### Work item
Copy the listing below line for line, from its opening line to the one with "line L192 (-6.35, 54.0548)", both included; stop there.

*** Block opens ***

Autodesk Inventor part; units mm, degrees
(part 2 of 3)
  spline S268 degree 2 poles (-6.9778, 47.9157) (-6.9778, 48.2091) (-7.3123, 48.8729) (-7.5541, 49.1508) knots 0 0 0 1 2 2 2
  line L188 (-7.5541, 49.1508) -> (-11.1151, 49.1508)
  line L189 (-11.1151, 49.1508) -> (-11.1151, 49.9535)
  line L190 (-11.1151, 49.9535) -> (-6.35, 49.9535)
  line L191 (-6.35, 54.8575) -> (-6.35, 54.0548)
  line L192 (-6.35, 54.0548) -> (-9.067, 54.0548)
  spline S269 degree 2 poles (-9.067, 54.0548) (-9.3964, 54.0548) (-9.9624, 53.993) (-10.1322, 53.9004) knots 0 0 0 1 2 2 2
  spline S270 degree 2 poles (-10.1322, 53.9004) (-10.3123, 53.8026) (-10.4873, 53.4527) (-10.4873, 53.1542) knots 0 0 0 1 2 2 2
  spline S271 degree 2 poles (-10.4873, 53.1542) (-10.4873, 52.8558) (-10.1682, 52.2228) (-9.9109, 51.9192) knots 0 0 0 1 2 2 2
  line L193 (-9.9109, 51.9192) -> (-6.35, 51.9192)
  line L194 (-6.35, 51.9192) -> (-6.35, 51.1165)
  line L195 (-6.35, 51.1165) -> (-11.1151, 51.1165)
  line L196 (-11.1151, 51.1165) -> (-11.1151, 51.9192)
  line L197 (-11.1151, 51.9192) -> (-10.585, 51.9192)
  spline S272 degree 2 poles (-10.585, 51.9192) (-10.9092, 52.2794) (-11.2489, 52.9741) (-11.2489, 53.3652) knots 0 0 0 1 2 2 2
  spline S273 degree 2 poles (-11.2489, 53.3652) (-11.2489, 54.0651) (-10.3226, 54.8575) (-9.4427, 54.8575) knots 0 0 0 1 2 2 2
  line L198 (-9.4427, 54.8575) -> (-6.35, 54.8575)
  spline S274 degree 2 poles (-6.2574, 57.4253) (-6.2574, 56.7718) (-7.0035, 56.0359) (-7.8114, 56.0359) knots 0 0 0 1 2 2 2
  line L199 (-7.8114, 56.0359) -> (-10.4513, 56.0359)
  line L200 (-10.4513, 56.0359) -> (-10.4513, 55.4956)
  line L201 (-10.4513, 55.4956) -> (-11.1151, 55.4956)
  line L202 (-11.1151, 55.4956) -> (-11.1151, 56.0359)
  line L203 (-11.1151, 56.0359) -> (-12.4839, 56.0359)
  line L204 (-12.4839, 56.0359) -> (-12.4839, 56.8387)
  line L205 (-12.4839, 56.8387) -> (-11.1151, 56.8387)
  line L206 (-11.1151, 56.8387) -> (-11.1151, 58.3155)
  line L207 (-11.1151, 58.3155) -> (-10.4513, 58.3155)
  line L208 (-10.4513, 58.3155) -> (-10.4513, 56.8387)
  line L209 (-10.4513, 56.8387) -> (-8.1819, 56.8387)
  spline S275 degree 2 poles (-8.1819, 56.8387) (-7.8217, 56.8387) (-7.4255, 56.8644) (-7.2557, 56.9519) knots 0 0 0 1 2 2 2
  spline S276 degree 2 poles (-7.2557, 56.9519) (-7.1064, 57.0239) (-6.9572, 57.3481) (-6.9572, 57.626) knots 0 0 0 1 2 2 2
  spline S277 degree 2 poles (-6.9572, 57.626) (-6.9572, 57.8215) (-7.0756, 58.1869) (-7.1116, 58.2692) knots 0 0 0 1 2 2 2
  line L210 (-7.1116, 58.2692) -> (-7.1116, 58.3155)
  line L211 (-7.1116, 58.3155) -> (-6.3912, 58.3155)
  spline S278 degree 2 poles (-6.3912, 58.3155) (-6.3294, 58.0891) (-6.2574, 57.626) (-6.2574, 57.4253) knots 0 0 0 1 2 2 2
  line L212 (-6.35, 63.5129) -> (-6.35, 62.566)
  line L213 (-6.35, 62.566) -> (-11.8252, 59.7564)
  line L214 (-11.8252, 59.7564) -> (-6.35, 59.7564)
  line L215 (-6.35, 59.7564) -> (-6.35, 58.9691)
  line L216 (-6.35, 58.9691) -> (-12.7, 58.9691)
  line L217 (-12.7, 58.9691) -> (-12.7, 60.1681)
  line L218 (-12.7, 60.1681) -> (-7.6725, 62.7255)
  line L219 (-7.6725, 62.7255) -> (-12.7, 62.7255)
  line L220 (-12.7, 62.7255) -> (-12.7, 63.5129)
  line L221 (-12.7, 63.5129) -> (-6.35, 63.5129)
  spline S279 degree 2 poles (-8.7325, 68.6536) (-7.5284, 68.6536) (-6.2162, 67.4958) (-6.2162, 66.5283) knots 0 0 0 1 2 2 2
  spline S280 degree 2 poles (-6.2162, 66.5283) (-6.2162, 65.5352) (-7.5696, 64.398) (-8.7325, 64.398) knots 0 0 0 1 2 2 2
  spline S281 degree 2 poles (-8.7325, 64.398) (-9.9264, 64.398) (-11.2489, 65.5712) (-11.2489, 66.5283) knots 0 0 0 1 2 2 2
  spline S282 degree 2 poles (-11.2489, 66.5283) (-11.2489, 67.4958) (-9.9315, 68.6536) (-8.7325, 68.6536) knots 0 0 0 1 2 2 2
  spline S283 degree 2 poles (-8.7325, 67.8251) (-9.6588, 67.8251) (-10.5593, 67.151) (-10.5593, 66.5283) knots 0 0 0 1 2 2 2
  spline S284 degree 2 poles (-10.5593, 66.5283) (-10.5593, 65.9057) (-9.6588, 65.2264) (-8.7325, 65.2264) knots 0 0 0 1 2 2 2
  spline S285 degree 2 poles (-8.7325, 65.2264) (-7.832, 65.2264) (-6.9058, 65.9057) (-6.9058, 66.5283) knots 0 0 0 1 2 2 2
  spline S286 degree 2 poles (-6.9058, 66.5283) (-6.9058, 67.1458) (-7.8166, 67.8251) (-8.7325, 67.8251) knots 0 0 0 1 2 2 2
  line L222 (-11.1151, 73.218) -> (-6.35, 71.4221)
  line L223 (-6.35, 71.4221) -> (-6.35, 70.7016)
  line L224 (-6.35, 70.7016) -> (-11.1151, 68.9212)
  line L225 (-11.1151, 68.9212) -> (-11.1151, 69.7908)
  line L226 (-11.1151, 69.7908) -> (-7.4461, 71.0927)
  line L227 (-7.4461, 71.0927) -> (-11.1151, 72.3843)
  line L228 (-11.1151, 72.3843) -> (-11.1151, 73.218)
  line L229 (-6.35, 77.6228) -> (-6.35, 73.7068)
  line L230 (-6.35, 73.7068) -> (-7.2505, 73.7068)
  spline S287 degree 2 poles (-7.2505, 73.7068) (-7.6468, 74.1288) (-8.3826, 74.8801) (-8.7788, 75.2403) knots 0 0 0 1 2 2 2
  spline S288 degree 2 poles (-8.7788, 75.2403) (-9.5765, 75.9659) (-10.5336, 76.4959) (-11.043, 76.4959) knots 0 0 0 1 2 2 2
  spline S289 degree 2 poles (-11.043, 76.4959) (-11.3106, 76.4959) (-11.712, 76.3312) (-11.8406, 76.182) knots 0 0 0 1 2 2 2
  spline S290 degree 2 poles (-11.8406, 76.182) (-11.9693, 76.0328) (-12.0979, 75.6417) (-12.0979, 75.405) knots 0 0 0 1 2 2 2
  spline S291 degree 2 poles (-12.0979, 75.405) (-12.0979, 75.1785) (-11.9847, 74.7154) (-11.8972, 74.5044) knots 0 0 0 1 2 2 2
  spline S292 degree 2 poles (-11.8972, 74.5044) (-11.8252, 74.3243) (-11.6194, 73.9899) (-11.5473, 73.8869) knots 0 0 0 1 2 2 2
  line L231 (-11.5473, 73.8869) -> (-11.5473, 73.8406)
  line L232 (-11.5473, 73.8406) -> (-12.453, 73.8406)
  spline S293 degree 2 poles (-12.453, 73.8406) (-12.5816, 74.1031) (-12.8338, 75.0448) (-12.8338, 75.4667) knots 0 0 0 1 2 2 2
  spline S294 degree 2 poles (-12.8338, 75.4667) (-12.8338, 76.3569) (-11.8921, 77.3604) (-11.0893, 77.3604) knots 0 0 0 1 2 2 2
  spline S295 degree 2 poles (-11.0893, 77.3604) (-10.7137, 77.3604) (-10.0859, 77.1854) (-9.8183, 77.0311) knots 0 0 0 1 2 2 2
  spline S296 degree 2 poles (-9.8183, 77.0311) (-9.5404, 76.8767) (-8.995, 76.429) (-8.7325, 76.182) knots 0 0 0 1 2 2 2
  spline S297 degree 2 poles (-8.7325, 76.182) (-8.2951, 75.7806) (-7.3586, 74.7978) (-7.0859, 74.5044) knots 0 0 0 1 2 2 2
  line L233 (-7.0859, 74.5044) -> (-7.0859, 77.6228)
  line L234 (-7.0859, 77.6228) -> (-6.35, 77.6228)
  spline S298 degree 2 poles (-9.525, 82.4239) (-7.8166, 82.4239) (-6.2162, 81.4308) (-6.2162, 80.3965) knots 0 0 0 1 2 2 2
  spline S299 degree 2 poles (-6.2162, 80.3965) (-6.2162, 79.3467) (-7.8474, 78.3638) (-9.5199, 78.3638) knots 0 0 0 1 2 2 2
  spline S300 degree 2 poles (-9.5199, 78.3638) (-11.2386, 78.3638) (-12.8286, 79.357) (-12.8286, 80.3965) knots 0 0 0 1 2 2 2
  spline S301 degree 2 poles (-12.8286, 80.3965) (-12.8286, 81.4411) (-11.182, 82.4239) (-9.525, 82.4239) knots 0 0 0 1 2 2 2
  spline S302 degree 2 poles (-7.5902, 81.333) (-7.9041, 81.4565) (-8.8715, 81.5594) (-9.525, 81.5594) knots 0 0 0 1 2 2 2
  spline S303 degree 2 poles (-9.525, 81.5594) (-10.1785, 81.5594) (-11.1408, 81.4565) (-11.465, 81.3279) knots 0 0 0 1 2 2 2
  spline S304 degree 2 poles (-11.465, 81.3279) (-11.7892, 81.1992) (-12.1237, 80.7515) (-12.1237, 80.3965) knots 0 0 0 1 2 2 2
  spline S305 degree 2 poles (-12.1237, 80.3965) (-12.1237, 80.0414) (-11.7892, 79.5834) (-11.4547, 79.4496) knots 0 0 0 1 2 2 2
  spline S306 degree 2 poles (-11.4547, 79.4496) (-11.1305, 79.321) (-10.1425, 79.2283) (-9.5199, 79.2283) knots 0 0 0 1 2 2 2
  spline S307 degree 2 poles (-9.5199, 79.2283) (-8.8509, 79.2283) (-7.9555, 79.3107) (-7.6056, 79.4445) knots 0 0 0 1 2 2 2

*** Block closes ***

### Response to the exercise
Autodesk Inventor part; units mm, degrees
(part 2 of 3)
  spline S268 degree 2 poles (-6.9778, 47.9157) (-6.9778, 48.2091) (-7.3123, 48.8729) (-7.5541, 49.1508) knots 0 0 0 1 2 2 2
  line L188 (-7.5541, 49.1508) -> (-11.1151, 49.1508)
  line L189 (-11.1151, 49.1508) -> (-11.1151, 49.9535)
  line L190 (-11.1151, 49.9535) -> (-6.35, 49.9535)
  line L191 (-6.35, 54.8575) -> (-6.35, 54.0548)
  line L192 (-6.35, 54.0548) -> (-9.067, 54.0548)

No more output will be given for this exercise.